--- EXERCISE REQUIREMENTS ---
Please count the lines in the listing below where the word "sotto" appears. Give the number only.

--- DATA RECORDS ---
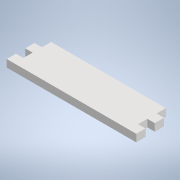
# Autodesk Inventor part: sotto
Saved by Autodesk Inventor 2020.2 (Build 242310000, 310)
## iProperties
Created: 2020-02-13
Part Number: sotto
Material: Generico
Document SubType Name: Modeling
Designer: socci
Density: 1 g/cm^3
Appearance: Default
Author: socci
Autodesk Inventor part; units mm, degrees
ref_plane "YZ Plane" through (0, 0, 0) normal (1, 0, 0) x (0, 1, 0)
ref_plane "XZ Plane" through (0, 0, 0) normal (0, 1, 0) x (-1, 0, 0)
ref_plane "XY Plane" through (0, 0, 0) normal (0, 0, 1) x (1, 0, 0)
sketch "Schizzo1" plane through (0, 0, 0) normal (0, 1, 0) x (-1, 0, 0)
  line L0 (-35, 10) -> (35, 10)
  line L1 (35, 10) -> (35, -10)
  line L2 (35, -10) -> (-35, -10)
  line L3 (-35, -10) -> (-35, 10)
  line L4 (-35, 10) -> (35, -10) construction
  line L5 (35, 10) -> (-35, -10) construction
  point P0 (0, 0)
  dimension "d0" = 70
  dimension "d1" = 20
  constraints: 12 end point, 2 midpoint, 2 parallel, 1 horizontal, 1 perpendicular
  measures "d0" distance of L1.end L2.end
  measures "d1" distance of L0.end L1.end
extrude "Estrusione1" add sketch "Schizzo1" along normal blind 4
sketch "Schizzo2" plane through (0, 0, 0) normal (0, -1, 0) x (1, 0, 0)
  line L0 (-31, 0) -> (-35, 0)
  line L1 (-35, 0) -> (-35, 5)
  line L2 (-35, 5) -> (-31, 5)
  line L3 (-31, 5) -> (-31, 0)
  line L4 (-35, -5) -> (-31, -5)
  line L5 (-31, -5) -> (-31, -10)
  line L6 (-31, -10) -> (-35, -10)
  line L7 (-35, -10) -> (-35, -5)
  line L8 (35, 0) -> (31, 0)
  line L9 (31, 0) -> (31, 5)
  line L10 (31, 5) -> (35, 5)
  line L11 (35, 5) -> (35, 0)
  line L12 (31, -5) -> (35, -5)
  line L13 (35, -5) -> (35, -10)
  line L14 (35, -10) -> (31, -10)
  line L15 (31, -10) -> (31, -5)
  point P0 (0, 0)
  constraints: 32 end point, 8 horizontal, 8 vertical, 16 other
extrude "Estrusione2" cut sketch "Schizzo2" against normal blind 10

--- TASK SOLUTION ---
2